Central States’ role in this important story goes beyond economics. First, we should expect that a pension fund created to serve truckers (and other workers) would be looking desperately for a way to say “yes” to saving truckers’ jobs. Central State has a mission that is core to rebuilding the middle class. Jobs should be part of that mission, as well, as long as Central States complies with the Employee Retirement Income Security Act (ERISA), which closely regulates pension plans. Don’t worry, dear readers, I don’t want to discuss ERISA in detail any more than you do.
Second, and this is very important, Central States itself was on the verge of bankruptcy just a few months ago. Because of President Biden’s American Rescue Plan, Central States received $35.8 billion in financing from the Pension Benefit Guaranty Corporation. That funding guarantees Central States will remain solvent for decades. More than 357,000 Central States participants, including a lot of truckers, will receive their full pensions as a result. That’s vital to families and communities across the U.S. Yet, once again, we should expect that this massive public investment, partly funded by tax dollars paid by Yellow’s former drivers and supported enthusiastically by their union, would inspire Central States’ leadership to work as hard as they possibly can to find a way to save Teamsters jobs at Yellow.

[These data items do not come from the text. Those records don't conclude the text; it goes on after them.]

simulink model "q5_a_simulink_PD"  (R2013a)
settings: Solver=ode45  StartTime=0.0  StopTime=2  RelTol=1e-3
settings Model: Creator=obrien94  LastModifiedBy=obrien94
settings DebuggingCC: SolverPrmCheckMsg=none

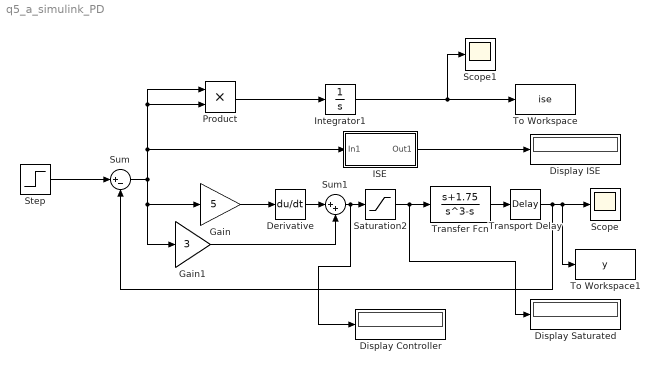
== system q5_a_simulink_PD ==
  Derivative : Derivative
  Display Controller : Display
  Display ISE : Display
  Display Saturated : Display
  Gain : Gain  Gain=5
  Gain1 : Gain  Gain=3
  ISE : Subsystem
      mask help:
      | ISE performance index
      |
      | output = int (input)^2 dt
      mask Display:
      | disp('ISE')
      | port_label('input',1,'e')
      | port_label('output',1,'ise')
  Integrator1 : Integrator
  Product : Product
  Saturation2 : Saturate  UpperLimit=5  LowerLimit=5
  Scope : Scope
  Scope1 : Scope
  Step : Step  SampleTime=0
  Sum : Sum  Inputs=|+-
  Sum1 : Sum  Inputs=|++
  To Workspace : ToWorkspace  VariableName=ise  SampleTime=-1
  To Workspace1 : ToWorkspace  VariableName=y  SampleTime=-1  SaveFormat=Timeseries
  Transfer Fcn : TransferFcn  Numerator=[1 1.75]  Denominator=[1 0 -1 0]
  Transport Delay : TransportDelay  DelayTime=0.00001
  wires:
  Step/1 -> Sum/1
  Sum/1 -> Gain1/1, Gain/1, Product/1, Product/2, ISE/1(In1)
  Product/1 -> Integrator1/1
  Integrator1/1 -> Scope1/1, To Workspace/1
  Derivative/1 -> Sum1/1
  ISE/1(Out1) -> Display ISE/1
  Sum1/1 -> Display Controller/1, Saturation2/1
  Gain/1 -> Derivative/1
  Gain1/1 -> Sum1/2
  Transfer Fcn/1 -> Transport Delay/1
  Saturation2/1 -> Display Saturated/1, Transfer Fcn/1
  Transport Delay/1 -> To Workspace1/1, Scope/1, Sum/2

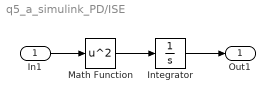
== system q5_a_simulink_PD/ISE ==
  In1 : Inport
  Integrator : Integrator
  Math Function : Math  Operator=square  SaturateOnIntegerOverflow=on
  Out1 : Outport
  wires:
  Math Function/1 -> Integrator/1
  Integrator/1 -> Out1/1
  In1/1 -> Math Function/1
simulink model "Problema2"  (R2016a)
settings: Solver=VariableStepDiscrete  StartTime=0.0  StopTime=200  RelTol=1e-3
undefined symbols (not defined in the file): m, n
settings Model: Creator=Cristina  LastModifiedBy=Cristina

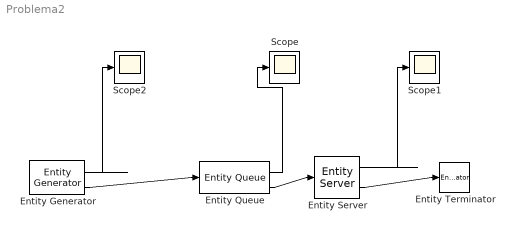
== system Problema2 ==
  Entity Generator : EntityGenerator  OutputPortMessageModes=n,m  IntergenerationTimeAction=dt = 1;  AverageIntergenerationTime=on  EntityType=Structured  EntityTypeName=Entity
      settings: OutputPortMap=o2,o3
  Entity Queue : EntityQueue  InputPortMessageModes=m  OutputPortMessageModes=n,m  NumberEntitiesInBlock=on
      settings: OutputPortMap=o1,o5
  Entity Server : EntityServer  InputPortMessageModes=m  OutputPortMessageModes=n,m  Capacity=1  ServiceTimeSource=MATLAB action  ServiceTimeValue=1.1  ServiceTimeAction=dt = 0.8 + 0.4*rand;  AverageWait=on
      settings: OutputPortMap=o4,o9
  Entity Terminator : EntityTerminator  InputPortMessageModes=m
  Scope : Scope
  Scope1 : Scope
  Scope2 : Scope
  wires:
  Entity Generator/2 -> Entity Queue/1
  Entity Queue/2 -> Entity Server/1
  Entity Server/2 -> Entity Terminator/1
  Entity Queue/1 -> Scope/1
  Entity Server/1 -> Scope1/1
  Entity Generator/1 -> Scope2/1
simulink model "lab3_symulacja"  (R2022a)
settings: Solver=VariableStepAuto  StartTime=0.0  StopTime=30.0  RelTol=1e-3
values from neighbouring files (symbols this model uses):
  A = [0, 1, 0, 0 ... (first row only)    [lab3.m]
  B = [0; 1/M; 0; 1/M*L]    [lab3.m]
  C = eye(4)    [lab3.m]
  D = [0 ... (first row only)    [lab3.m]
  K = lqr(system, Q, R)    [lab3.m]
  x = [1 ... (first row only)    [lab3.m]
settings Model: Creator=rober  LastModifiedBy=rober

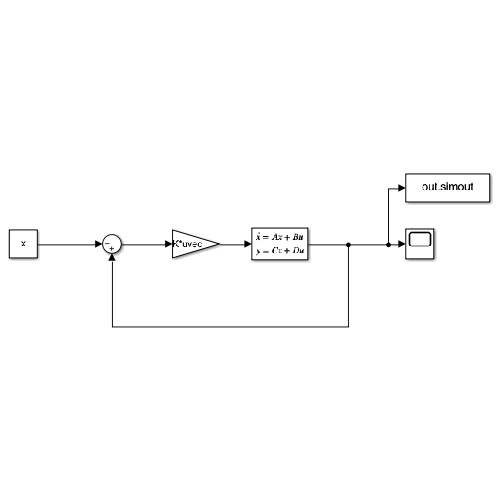
[thumbnail: Simulink's stored preview of the top-level diagram]
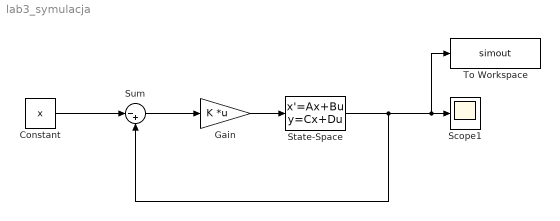
== system lab3_symulacja ==
  Constant : Constant  Value=x
  Gain : Gain  Gain=K  Multiplication=Matrix(K*u) (u vector)
  Scope1 : Scope
  State-Space : StateSpace  A=A  B=B  C=C  D=D  InitialCondition=0
  Sum : Sum  Inputs=|-+
  To Workspace : ToWorkspace  VariableName=simout  SampleTime=-1
  wires:
  Sum/1 -> Gain/1
  Constant/1 -> Sum/1
  Gain/1 -> State-Space/1
  State-Space/1 -> Sum/2, To Workspace/1, Scope1/1

At the end of the day, the Yellow bankruptcy story is about many things. Superficially, it may appear to be a business story about another corporation that failed due to mismanagement. But it is also a worker power story about union jobs and union density. Saving 22,000 Teamsters jobs is every bit as important as organizing new workers in new industries. It would send the message that union jobs survive. That they bring stability. Workers considering whether to organize a union with their co-workers need to hear that message.